Keith has noted the adventures
that we've recently had in the GEM branch with the disagreement between the CPU and GPU about how memory gets addressed. We've got a pretty decent solution now I think, though I'm having some troubles getting the MCHBAR mapped on desktop 965s, so I can't tell what mode the CPU is in. I automatically disable tiling in that case, to avoid broken rendering. Apparently the MCHBAR's locked out so that mortals don't go in and break their memory configuration. But overclockers have figured out how to unlock it, so I'm sure we will figure out as well in due time.
Next project for me is fixing issues with PBO and FBO. While we enabled support for the ARB_framebuffer_objects and ARB_pixel_buffer_objects on 965 with TTM/GEM development, that implementation from the 915 came with a lot of bugs that we haven't got around to fixing. Now as more people are looking to use buffer objects, we need to get those bugs fixed.
The first issue I've found is that we're not flushing batchbuffers full of rendering before mapping buffer objects. This will anger conformance tests that do rendering then read the resulting data out immediately.
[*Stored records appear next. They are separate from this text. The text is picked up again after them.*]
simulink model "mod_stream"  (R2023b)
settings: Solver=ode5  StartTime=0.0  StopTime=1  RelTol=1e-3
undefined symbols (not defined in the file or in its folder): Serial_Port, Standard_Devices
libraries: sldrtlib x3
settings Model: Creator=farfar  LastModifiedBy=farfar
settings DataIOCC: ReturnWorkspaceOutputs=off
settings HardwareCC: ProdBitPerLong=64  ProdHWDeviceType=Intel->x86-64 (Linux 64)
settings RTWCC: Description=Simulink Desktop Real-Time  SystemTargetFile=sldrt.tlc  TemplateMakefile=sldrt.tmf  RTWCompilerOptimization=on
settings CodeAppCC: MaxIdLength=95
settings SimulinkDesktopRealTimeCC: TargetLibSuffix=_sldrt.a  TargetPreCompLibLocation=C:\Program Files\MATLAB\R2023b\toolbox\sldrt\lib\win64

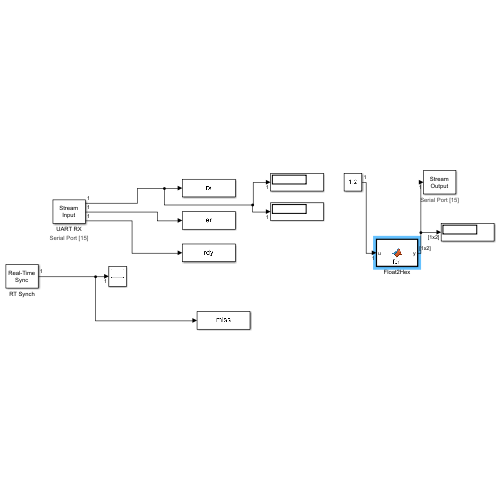
[thumbnail: Simulink's stored preview of the top-level diagram]
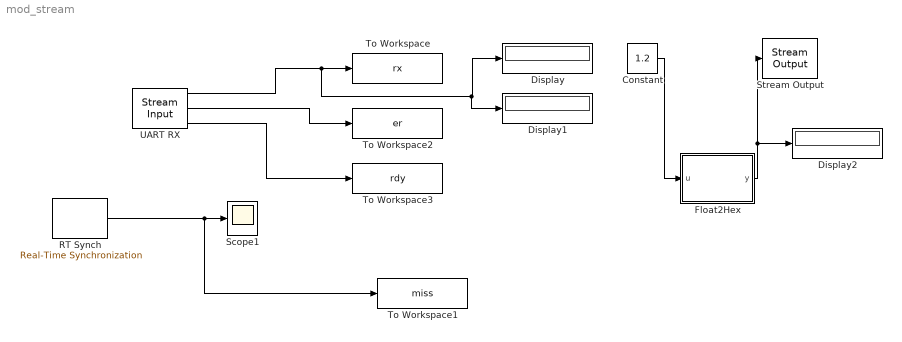
== system mod_stream ==
  Constant : Constant  Value=1.2
  Display : Display
      settings: Format=hex (Stored Integer)
  Display1 : Display
      settings: Format=decimal (Stored Integer)
  Display2 : Display
      settings: Format=hex (Stored Integer)
  Float2Hex : MATLAB Function  TreatAsAtomicUnit=on
  RT Synch : sldrtlib/Real-Time Synchronization  SampleTime=0.004  MaxMissedTicks=10000  ShowMissedTicks=on  YieldWhenWaiting=off
  Scope1 : Scope
  Stream Output : sldrtlib/Stream Output  SampleTime=0.004  MaxMissedTicks=100  ShowMissedTicks=off  YieldWhenWaiting=off  DrvName=Standard_Devices/Serial_Port  DrvAddress=15  DrvOptions=[115200 8 0 0 0 0 0 0]  PortSizes=1  FormatString='%08x\n'  ShowReady=off  ShowError=off  InitialValue=[]  FinalValue=[]
      settings: AttributesFormatString=Serial Port [15]
  To Workspace : ToWorkspace  VariableName=rx  SaveFormat=Structure With Time  SampleTime=-1
  To Workspace1 : ToWorkspace  VariableName=miss  SaveFormat=Structure With Time  SampleTime=-1
  To Workspace2 : ToWorkspace  VariableName=er  SaveFormat=Structure With Time  SampleTime=-1
  To Workspace3 : ToWorkspace  VariableName=rdy  SaveFormat=Structure With Time  SampleTime=-1
  UART RX : sldrtlib/Stream Input  SampleTime=0.004  MaxMissedTicks=10000  ShowMissedTicks=off  YieldWhenWaiting=off  DrvName=Standard_Devices/Serial_Port  DrvAddress=15  DrvOptions=[115200 8 0 0 0 0 0 0]  DataTypes={'uint32'}  FormatString='%x'  Terminator={'\n'}  ShowReady=on  ShowError=on
      settings: AttributesFormatString=Serial Port [15]
  wires:
  UART RX/1 -> Display1/1, Display/1, To Workspace/1
  RT Synch/1 -> To Workspace1/1, Scope1/1
  UART RX/2 -> To Workspace2/1
  UART RX/3 -> To Workspace3/1
  Constant/1 -> Float2Hex/1(u)
  Float2Hex/1(y) -> Stream Output/1, Display2/1

== matlab function mod_stream/Float2Hex ==
  data: u input; y output
function y = fcn(u)
    s = single(u);
    y = typecast(s,'uint32');

I wrote up a fix for this today that I'll be testing in the next couple of days.
The second is that we're trying to use the 2d blitter for accelerating copies between buffer objects and the screen. That's things like glReadPixels to a PBO, glDrawPixels from a PBO, glCopyTexSubImage, glCopyPixels with read != draw drawable, etc. The trick is that for buffer objects we render them upside down compared to the shared front and back buffers. So when we're blitting between the two we need to invert the data -- set a negative pitch on one of the buffers and a base address somewhere at the other end. The blitter's supposed to be cool with this. Except that there's this comment in the code:
/* Initial y values don't seem to work with negative pitches. If
* we adjust the offsets manually (below), it seems to work fine.
So we need to not just put the offset somewhere on the other side, but exactly so that y == 0 in the offset we set is the end of the blit area. Combine this with the fact that for tiled buffers the offset has to be 4KB-aligned, and it means that we're probably going to be angering our blitter if you choose unpleasant offsets for the the part of the blit that's in the shared front/back/depth.
I might be able to work around it today by just flipping the buffer that isn't tiled instead, assuming that both aren't tiled. But we want to get to the point of tiling them both. I think the right solution here is to just ditch using the blitter for almost everything. If we figure out how to add meta operations to mesa for these sort of pixel path operations, we could write generic acceleration for anybody who wanted to use it, by mapping them to normal GL operations using texturing. While it's some CPU overhead for state management, the 3D path is supposed to be faster than 2D GPU-wise, and it would get rid of a bunch of metaops code inside of our driver which has proved to be fragile at best.
In the next week I'm hoping to work on getting some metaops set up. Beyond PBO, it would also help us for implementing accelerated SGIS_generate_mipmap, which is currently hurting compiz and other apps, and more complete glBitmap which is hurting mesa demos (and we know how important those are).